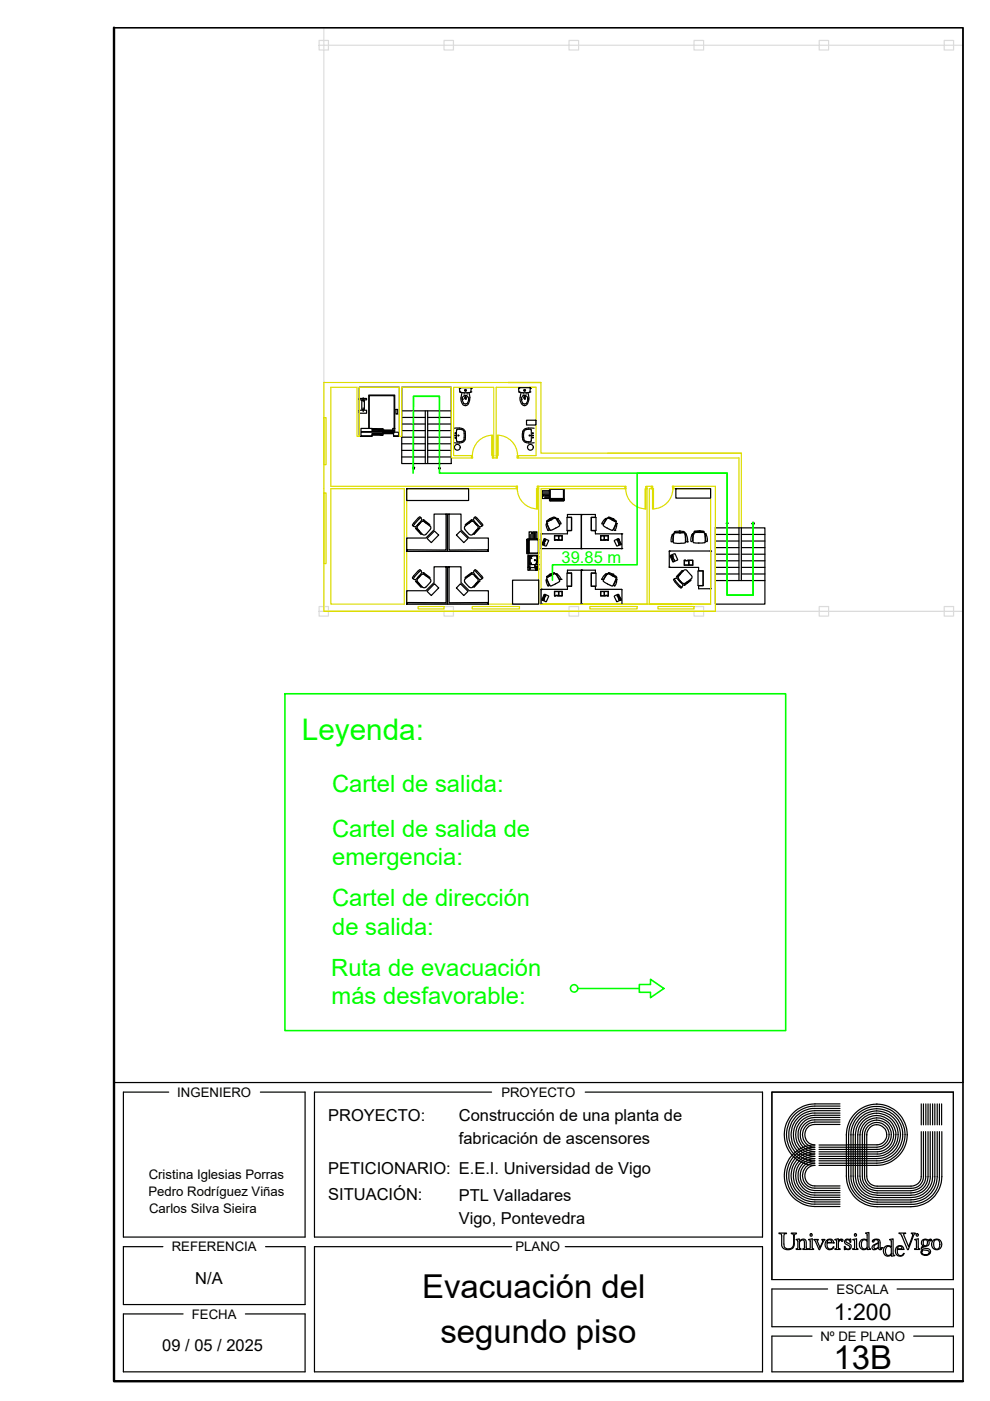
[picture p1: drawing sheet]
<svg xmlns="http://www.w3.org/2000/svg" width="210mm" height="297mm" viewBox="0 0 210 297" stroke-linecap="round" stroke-linejoin="round" font-family="sans-serif">
<!-- layer: Estructura -->
<g fill="none" stroke="#dcdcdc" stroke-width=".25">
<path d="M67.6 8.6h2v2h-2zM68.7 5.9v3.7h-1.1M94.1 8.6h2v2h-2zM120.6 8.6h2.1v2h-2.1zM147.2 8.6h2v2h-2zM173.7 8.6h2v2h-2zM200.2 8.6h2v2h-2zM204.1 9.6h-135.4v120h135.4M67.6 128.6h2v2h-2zM67.6 129.6h1.1M94.1 128.6h2v2h-2zM120.6 128.6h2.1v2h-2.1z"/>
<path d="M147.2 128.6h2v2h-2zM173.7 128.6h2v2h-2zM200.2 128.6h2v2h-2z"/>
</g>
<g fill="none" stroke="#dd0" stroke-width=".25">
<path d="M99.9 96.6h.3v.5h-.3zM104.3 92.3h.1v4.3h-.1zM104.4 96.6h.3v.5h-.3zM104.5 92.3a4.3 4.3 0 0 0-4.3 4.3M105.2 96.6h.2l.1 .5h-.3zM105.4 92.3h.2v4.3h-.2zM105.4 92.3a4.3 4.3 0 0 1 4.3 4.3M109.7 96.6h.2v.5h-.3zM109.4 103.1h.3v.5h-.3zM109.7 103.6a4.3 4.3 0 0 0 4.3 4.3M113.7 103.6h.3v4.3h-.3zM113.9 103.1h.3v.5h-.2z"/>
<path d="M132.5 103.1h.2v.5h-.2zM132.7 103.6a4.3 4.3 0 0 0 4.3 4.3M136.8 103.6h.1v4.3h-.1zM136.9 103.1h.3v.5h-.3zM138.1 103.1h.3l-.1 .5h-.2zM138.3 103.6h.3v4.3h-.3zM142.6 103.1h.3v.5h-.3zM142.7 103.6a4.3 4.3 0 0 1-4.3 4.3"/>
</g>
<g fill="none" stroke="#000" stroke-width=".25">
<path d="M96.2 93.9h1.2M96.8 91.3v2.1M96.8 93.4v.1M96.8 93.5l.2 .2 1-.2M97.4 90.8a1.1 1.1 0 0 1 1.3 1.1M97.4 90.8h-1.2M97.4 82.4h.1M97.4 82.4l.1 .7M97.5 82.3h.1M97.5 83.1h.1M97.5 83.1l.2 .1h2M97.6 82.2h.1"/>
<path d="M97.6 82.2h2.2M97.6 82.2l-.1 .1M98 83.2a2.26 2.26 0 0 0 .4 2.8 .94 .94 0 0 0 1.2-1.1v-.6M98 84.6h.1M98 84.7h.1M98 84.5v.1M98 84.6l.3 .9M98 91.1a.96 .96 0 0 0-1.2 .1v.1M98 91.1l.4 .4M98.3 85.5a.54 .54 0 0 0 .8 0M98.3 83.5h.1M98.4 91.5v1.6"/>
<path d="M98.4 93.1l-.4 .5M98.5 83.9l-.4 .2-.1 .5M98.6 84.1v.4l.1 .1M98.6 84.1v.3l.1-.3M98.6 84.1h.1M98.7 91.9v.9M98.7 92.8a1.1 1.1 0 0 1-1.3 1.1M98.7 84.1v.5M98.7 84.6h.1M98.7 84.1h.1M98.7 83.8l-.2 .1M98.7 83.8l.2 .1"/>
<path d="M98.8 84.2h.1M98.8 83.9h.1M99 83.9l.3 .4 .1 .3M99 83.5h.1M99.4 84.7h.1M99.4 84.6l-.3 .9M99.4 83.2l.2 1.1M99.8 82.2h.1M99.8 82.2l.1 .1M99.8 83.1h.1M99.9 83.1l-.2 .1M99.9 82.4h.1"/>
<path d="M99.9 82.4l-.1 .7M109.9 82.4h.1M109.9 82.4l.1 .7M110 83.1h.1M110.1 83.1l.1 .1 .8 .1 1.3-.1 .1-.1M110.1 82.2h.1M110.1 82.2h2.2M110.1 82.2l-.1 .1M110.3 84.3a1.22 1.22 0 0 0 1.2 1.7 1.98 1.98 0 0 0 .6-1.7M110.5 83.2l-.2 1.1M110.5 84.7h.1M110.5 84.6h.1"/>
<path d="M110.5 84.6l.3 .9M110.8 92.8a1.1 1.1 0 0 0 1.3 1.1M110.8 85.5l.4 .2 .3-.1M110.8 91.4v1.4M110.9 83.5h.1M110.9 83.9l-.3 .3v.4M111 91.9v.9M111 92.8l.1 .3M111.1 93.1l.3 .5M111.1 84.2h.1M111.1 91.5l-.1 .4M111.2 84.1v.5"/>
<path d="M111.2 83.8h.1M111.2 84.1v.3v-.3M111.2 84.1h.1M111.2 83.8h-.2M111.2 84.6h.1M111.2 84.1l.1 .1-.1 .4M111.3 83.8h.1M111.4 83.8a.67 .67 0 0 1 .5 .8M111.4 91.1l-.3 .4M111.5 91.1a.96 .96 0 0 1 1.1 .1v2.2M111.5 93.5l1 .2M111.5 83.5h.1"/>
<path d="M111.6 89.1h2v1h-2zM111.6 85.5v.1M111.9 84.5l-.3 1M111.9 84.6h.1M111.9 84.7h.1M111.9 83.2l.2 1.1M112.1 90.8h1.2M112.1 90.8l-1 .2-.3 .5M112.3 82.2h.1M112.3 82.2l.2 .1M112.4 83.1h.1M112.4 82.4h.1"/>
<path d="M112.4 82.4v.7M112.5 82.3h.1M112.6 93.4l-.1 .2M113.3 93.9h-1.2M86.2 103.6h13.2v2.5h-13.2zM87.5 111.4l.5 .3M87.7 110.9l-.2 .5M87.9 111.1l-.2 .4M88.2 112h.1M88.2 112l1.2 1.2-.1 .1-1.2-1.3zM88.4 111.4l-.3 .3M88.6 111.2l.4-.4 .1 .1-.4 .4z"/>
<path d="M88.6 112.4l.1-.1 .2 .3v.1zM89.2 110.6l-.8 .8M89.2 109.8l-.3-.2-1.2 1.3M89.2 109.8l.2 .3-.2 .5M89.3 109.8l-1.4 1.3M89.3 110.7l-.7 .8-.2 .4 1.2 1.4M89.3 110.7l.5-.2 .2 .1 1.1 .9a.44 .44 0 0 1 .1 .7M89.7 110.3h.1M89.7 110.3l1.4 1M89.7 110.2v.1M89.8 110.2l1.3 1.1M90.2 110.6l.2 .4z"/>
<path d="M90.3 113.3a.49 .49 0 0 1-.7 0M90.6 114.2l1.5-1.6 .9 .8-1.6 1.6zM91.2 112.3l-.9 1M94.6 109v7.6h-8.4v.3h8.7v-7.9h-2.9v3.3l-1.7 1.8h-4.1v2.8M95.2 109v7.6h8.3v.3h-8.6v-7.9h2.8v3.3l1.8 1.8h4v2.8M97.6 112.6l1.6 1.6-.9 .8-1.5-1.6zM98.6 112.3l.9 1M99.3 110.9l.3-.3zM99.5 113.3a.49 .49 0 0 0 .7 0M99.8 110.6l-1.1 .9a.49 .49 0 0 0-.1 .7M99.9 110.6l.4-.1a2.11 2.11 0 0 1 1.1 1.4l-1.2 1.4M100 110.2l-1.3 1.1 1.4-1"/>
<path d="M100 110.2l.1 .1M100.1 110.3h.1M100.5 109.8l-.1 .3 .3 .5M100.6 109.8l1.3 1.3M100.6 110.6l.7 .8M100.7 110.9l.1-.1 .4 .4-.2 .1zM100.7 109.6l-.2 .2M100.7 109.6l.4 .3M100.8 112.6l.3-.3 .1 .1-.3 .3zM101.2 109.9l.9 1M101.4 111.4l.4 .3 .5-.3M101.6 112h.1"/>
<path d="M101.6 112h.1l-1.2 1.3-.1-.1zM101.9 111.1l.2 .4M102.1 110.9l.3 .5M111.7 114.4v3h2.4M111.7 114.4h.3v2.9h-.3zM111.8 114.7h.1v.2h-.1zM111.8 114.5l.1 .1zM111.8 115.1l.1 .5zM111.8 117l.1 .1zM111.8 116.3h.1M111.8 116.4h.1M111.8 116.5l.1 .1z"/>
<path d="M111.8 116.6l.1 .1zM111.8 116.7h.1zM111.8 116.8h.1M111.8 116.9h.1M111.8 117h.1zM111.8 117.2h.1M112 114.3v3.1M112 117.9v2.2M112.1 117.9h.1M112.1 114.3v3.1M112.1 117.8h.1M112.1 114.5h2v2.7h-2z"/>
<path d="M112.2 112.8h.5v.3h.2v-.3h.9v1.5h-1.6zM112.2 114.5v2.7M112.2 117.8h.1M112.4 117.8h.1M112.4 113.3v.9M112.4 119.7l-.2-.1v-1.8h.2v2.5M112.6 118.4h.1M112.6 119.4v.2zM112.6 113.3v.9M112.6 118h.1M112.6 118v.4M112.8 113.3v.9"/>
<path d="M113.1 112.9v1.3M113.3 112.9v1.3M113.3 118.7v.2M113.4 118.9h.1M113.4 118.7l.1 .2M113.4 119.7v.6zM113.4 119.7h.7M113.6 112.9v1.3M113.7 119.5v.2h-1.3M113.7 119.6v.1M113.7 119.5h.1M113.8 117.8h-1.4v1.9"/>
<path d="M113.8 117.8h.1M113.8 119.3l-.1 .3M113.8 119l-.1 .5M113.8 117.8v1.2l.1-.3M113.9 117.8h-1.9l-.1 3M113.9 117.8v.1M113.9 117.8l.1 .1M113.9 117.9l.1 .1M114 117.9l-.1 .7M114 118h.1M114 118.4h.1M114 118.4v.2"/>
<path d="M114 118.5l-.2 .8M114.1 114.3h-2.3l-.1 .1M114.1 119.7h.1M114.1 118.1h.1M114.1 118.1l-.1 2.4M114.1 114.3v3.1M114.8 113.2v3.1M114.8 116.3h.1M114.8 113.2h.1M115 104h1.5v1.7h-1.5v-.5h.4v-.3h-.4zM115 115.5h.1M115 115.3h.1"/>
<path d="M115 115.3l.3 .2 .1-.2M115.1 104.8h1.3M115.1 104.5h1.3M115.1 104.3h1.3M115.2 115l-.2 .3M115.2 115h.1M115.2 115l.1-.2a.29 .29 0 0 1 .1-.3 .29 .29 0 0 1 .3 0l-.3 .5M115.4 115.3h.1M115.4 114.3l.1-.1 .8 .4-.5 1.2-.8-.3-.1-.2zM115.4 115v.3M115.4 115h.1M115.5 105.1h.9"/>
<path d="M115.5 105.3h.9M115.5 105.5h.9M115.9 111h.1M115.9 111a1.47 1.47 0 0 0 .3 1.5M115.9 111l.6 1.2-.3 .3M115.9 110.6h.1M116 110.7l1.6-.9a2.62 2.62 0 0 1 1 1.7l-1.9 1-.8-1.6zM116.2 112.5h.1M116.5 103.8v2.3l.1 .1M116.5 105.8h3.1M116.5 105.9h3.1M116.5 103.8h3.1"/>
<path d="M116.6 105.9h2.9v.3h-2.9zM116.6 110h.1M116.6 110l-.6 .4-.1 .2M116.6 106.2h2.9M116.7 103.7h2.8v2h-2.8zM116.7 105.9l.1 .2zM116.7 105.7h2.8M116.8 110.2h.1M116.9 105.9l.2 .2zM117.3 105.9l.5 .1zM117.6 113.6h1.6v.9h-1.6zM117.6 109.7l-1.7 .9"/>
<path d="M117.6 109.7h.1M117.6 109.7l-.2-.1-.8 .4M117.6 113.6v.9h.8v-.9M117.9 114.5h.1M117.9 109.9l.7 1.1 .3 .1v-.3l-.7-.8M117.9 109.9l.3 .1M117.9 109.9h.1M118.2 110h.1M118.5 105.9l.1 .1zM118.5 113.6h.7v.9h-.7zM118.6 105.9l.1 .1zM118.7 106h.1"/>
<path d="M118.8 106h.1M118.9 105.9l.1 .1zM119 105.9v.1zM119.1 106h.1M119.2 106h.1M119.3 105.9v.1zM119.3 105.9l.1 .1zM119.6 103.8v2.3l-.1 .1M120.2 109.7h1v2.8h-1zM123.3 116.2l-8.5 .1M123.3 109.1h-3v.6h.9v2.8l-.9 .1v.6h-5.5M123.3 109.1h.1"/>
<path d="M123.3 116.2v.1M123.3 109.2l2.9-.1v.6h-.9v2.8l.9 .1v.6h5.6M123.3 109.1v7.1M123.3 116.3h.1M123.3 116.3h8.5M125.4 109.7h1v2.8h-1zM127.3 113.6h1.7v.9h-1.7zM127.4 113.6h.7v.9h-.7zM128 110.3l.4-.4h.3l-.6 1a.21 .21 0 0 1-.2 .2 .21 .21 0 0 1-.3-.2zM128.1 113.6v.9h.8v-.9M128.7 109.9h.1M128.7 109.9l.8 .2 1.1 .6a2.64 2.64 0 0 1-.8 1.7l-1.6-.7a.42 .42 0 0 1-.3-.3 .42 .42 0 0 1 .2-.5z"/>
<path d="M128.7 114.5h.1M128.9 109.7l.3-.1 .7 .3 .7 .5 .1 .2zM129.8 110.2h.1M129.9 110h.1M130.3 114.6l.8-.4 .6 1.2-1 .3zM130.3 112.5h.1M130.6 111h.1M130.6 111l-.5 1.2 .2 .3M130.7 111h-.1M130.7 111h.1M130.7 111a1.74 1.74 0 0 1-.4 1.5M131.1 114.3a.26 .26 0 0 0-.2 .3 .26 .26 0 0 0 .2 .2v.2"/>
<path d="M131.1 114.3h.1M131.1 114.3v.2M131.1 115l.1 .3M131.1 115h.1M131.1 114.5h.1M131.1 114.5l.2 .5M131.2 115.3h.1M131.3 115l.2 .3M131.3 115h.1M131.5 115.3h.1M131.5 115.3l-.2 .2-.1-.2M131.6 115.5h.1"/>
<path d="M131.8 113.2v3.1M131.8 116.3h.1M131.8 113.2h.1M141.9 116.9h.1M141.9 116.9v3.4M142.1 117.8l1-.4 .5 1.4-.9 .4zM142.2 117.8h.1M142.2 117.9h.1M142.2 117.9l.1 .2M142.3 118.1h.1M142.5 113.4h.1M142.6 117.9h.1"/>
<path d="M142.6 117.9l.2 .5a.3 .3 0 0 1 .2 .3 .3 .3 0 0 1-.3 .3l-.4-.9M142.6 117.9l-.2-.1-.2 .1M142.7 113.2v1.2a.31 .31 0 0 1 0 .4 .31 .31 0 0 1-.4 0l.2-1.4M142.7 113.2l-.2 .2M142.7 113.2h.1M142.9 113.1l.9-.2 1.4 .2 .1 2-.9 .1-1.6-.1zM143 112.9h2.1M143 112.9h.1M143.3 103.6h7.4v2h-7.4zM144 113h.1M144.1 112.6h.1M144.1 112.6l-1 .1-.1 .2"/>
<path d="M144.1 112.6l.9 .1 .1 .2M145.1 118.8h1.8v1h-1.8zM145.1 112.9h.1M145.1 118.8h.9v1h-.9zM145.3 113.3h.1M145.3 113.3l.1 1.1a.33 .33 0 0 0 0 .3 .33 .33 0 0 0 .4 .2M145.3 113.2v.1M145.3 113.2h.1M145.3 113.2l.1 .1a1.8 1.8 0 0 1 .4 1.6M145.4 118.8h.1M145.8 114.9h.1M146.1 118.8h.8v1h-.8z"/>
<path d="M146.9 113.2a1.61 1.61 0 0 0-.3 1.6l.3-.1 .1-1.5M146.9 113.2h.1M147 113.2h.1M147.1 113l.4-.1h1.8l.2 1.3a.54 .54 0 0 1-.2 .9h-1.8a.48 .48 0 0 1-.5-.1 .48 .48 0 0 1-.1-.5zM147.2 112.7l1.4-.1h.6l.1 .2h-2.1zM148.2 112.9h.1M148.3 112.6h.1M149.5 113.2h.1M149.5 113.2l.1 1.5 .3 .1a1.67 1.67 0 0 0-.3-1.6h-.1M150.6 116.8h.1M150.6 116.8l-8.7 .1M150.6 116.8l.1 .1"/>
<path d="M150.7 116.9h.1M150.7 116.9l-.1 7.9M87.5 122.6l.5 .3M87.7 122.1l-.2 .4M87.9 122.3l-.2 .4M88.1 123.2l1.3 1.2-.1 .1zM88.2 123.2h.1M88.4 122.6l-.3 .3M88.6 123.4l1 1.1M88.6 123.6l.3 .2v.1zM89 122l.1 .1-.4 .4-.1-.1zM89.2 121l-.3-.2-1.2 1.3"/>
<path d="M89.2 121l.2 .4-1 1.2M89.3 121l-1.4 1.3M89.3 121.9l-.9 1 .2 .5M89.3 121.9l.5-.2 .2 .1 1.1 .9a.49 .49 0 0 1 .1 .7l-.9 1.1M89.7 121.5h.1M89.7 121.5l1.4 1M89.7 121.4v.1M89.8 121.4l1.3 1M90.2 121.9l.2 .3zM90.3 124.5a.49 .49 0 0 1-.7 0M91.1 122.5h.1M92.1 123.8l.9 .9-1.6 1.6-.8-.9z"/>
<path d="M94.6 120.2v7.6l-8.4-.1v.4h8.7v-7.9h-2.9v3.3l-1.7 1.8h-4.1v2.8M95.2 120.2v7.6l8.3-.1v.4h-8.6v-7.9h2.8v3.3l1.8 1.8h4v2.8M97.6 123.8l1.6 1.6-.9 .9-1.5-1.6zM98.6 123.5l.9 1M99.3 122.1l.3-.2zM99.5 124.5a.49 .49 0 0 0 .7 0M99.8 121.8l-1.1 .9a.49 .49 0 0 0-.1 .7M99.9 121.8h.4a2.11 2.11 0 0 1 1.1 1.3l-.1 .3M100 121.4l-1.4 1M100 121.4l.1 .1M100.1 121.5h.1M100.1 121.5l-1.4 1h-.1"/>
<path d="M100.5 121l-.1 .3 .3 .4M100.6 121l1.3 1.3M100.6 121.8l1.2 1.1M100.7 122.1l.1-.1 .4 .4-.2 .1zM100.7 120.8l-.2 .2M100.7 120.8l.4 .3M100.8 123.8l.4-.2-.3 .3zM101.2 121.1l.9 1M101.2 123.4l-1 1.1M101.6 123.2h.1M101.6 123.2l-1.1 1.3-.1-.1zM101.9 122.3l.2 .4"/>
<path d="M102.1 122.1l.3 .4M102.3 122.6l-.5 .3M108.7 123h5.5v5.1h-5.5zM111.9 120.3h1.5M112 120.9h1.6v-.1v.1M112 120.8h.1M112 120.1l.2 .2M112.1 120h.1h-.1M112.3 120.6h.1M112.4 120.3h.1M113.4 120.3h.1M113.4 120.3l.1 .3"/>
<path d="M113.5 120.6l.1 .1M113.6 120.6h.1M113.6 120.3h.1M113.7 120.2h.1M113.6 120.9h.1M113.6 120.7h.2M113.7 120.3l.1 .1zM113.7 120.5h.1M113.7 120.1h.1M113.7 120.3h.1M113.7 120.8l.2 .1M113.8 120.1h.1"/>
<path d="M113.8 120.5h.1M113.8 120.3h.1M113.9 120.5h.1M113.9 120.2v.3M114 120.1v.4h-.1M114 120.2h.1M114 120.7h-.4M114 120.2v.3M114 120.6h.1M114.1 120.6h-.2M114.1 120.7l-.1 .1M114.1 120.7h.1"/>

________________

» EXERCISE GOAL
In the entries above, please find the line with "103.1h.2v.5h-.2zM132.7 103.6a4.3 4.3" and the line with "84.6l.3 .9M110.8 92.8a1.1", then write out exactly those two lines and every line between them, and nothing more.

» SOLUTION TO THE PROBLEM
<path d="M132.5 103.1h.2v.5h-.2zM132.7 103.6a4.3 4.3 0 0 0 4.3 4.3M136.8 103.6h.1v4.3h-.1zM136.9 103.1h.3v.5h-.3zM138.1 103.1h.3l-.1 .5h-.2zM138.3 103.6h.3v4.3h-.3zM142.6 103.1h.3v.5h-.3zM142.7 103.6a4.3 4.3 0 0 1-4.3 4.3"/>
</g>
<g fill="none" stroke="#000" stroke-width=".25">
<path d="M96.2 93.9h1.2M96.8 91.3v2.1M96.8 93.4v.1M96.8 93.5l.2 .2 1-.2M97.4 90.8a1.1 1.1 0 0 1 1.3 1.1M97.4 90.8h-1.2M97.4 82.4h.1M97.4 82.4l.1 .7M97.5 82.3h.1M97.5 83.1h.1M97.5 83.1l.2 .1h2M97.6 82.2h.1"/>
<path d="M97.6 82.2h2.2M97.6 82.2l-.1 .1M98 83.2a2.26 2.26 0 0 0 .4 2.8 .94 .94 0 0 0 1.2-1.1v-.6M98 84.6h.1M98 84.7h.1M98 84.5v.1M98 84.6l.3 .9M98 91.1a.96 .96 0 0 0-1.2 .1v.1M98 91.1l.4 .4M98.3 85.5a.54 .54 0 0 0 .8 0M98.3 83.5h.1M98.4 91.5v1.6"/>
<path d="M98.4 93.1l-.4 .5M98.5 83.9l-.4 .2-.1 .5M98.6 84.1v.4l.1 .1M98.6 84.1v.3l.1-.3M98.6 84.1h.1M98.7 91.9v.9M98.7 92.8a1.1 1.1 0 0 1-1.3 1.1M98.7 84.1v.5M98.7 84.6h.1M98.7 84.1h.1M98.7 83.8l-.2 .1M98.7 83.8l.2 .1"/>
<path d="M98.8 84.2h.1M98.8 83.9h.1M99 83.9l.3 .4 .1 .3M99 83.5h.1M99.4 84.7h.1M99.4 84.6l-.3 .9M99.4 83.2l.2 1.1M99.8 82.2h.1M99.8 82.2l.1 .1M99.8 83.1h.1M99.9 83.1l-.2 .1M99.9 82.4h.1"/>
<path d="M99.9 82.4l-.1 .7M109.9 82.4h.1M109.9 82.4l.1 .7M110 83.1h.1M110.1 83.1l.1 .1 .8 .1 1.3-.1 .1-.1M110.1 82.2h.1M110.1 82.2h2.2M110.1 82.2l-.1 .1M110.3 84.3a1.22 1.22 0 0 0 1.2 1.7 1.98 1.98 0 0 0 .6-1.7M110.5 83.2l-.2 1.1M110.5 84.7h.1M110.5 84.6h.1"/>
<path d="M110.5 84.6l.3 .9M110.8 92.8a1.1 1.1 0 0 0 1.3 1.1M110.8 85.5l.4 .2 .3-.1M110.8 91.4v1.4M110.9 83.5h.1M110.9 83.9l-.3 .3v.4M111 91.9v.9M111 92.8l.1 .3M111.1 93.1l.3 .5M111.1 84.2h.1M111.1 91.5l-.1 .4M111.2 84.1v.5"/>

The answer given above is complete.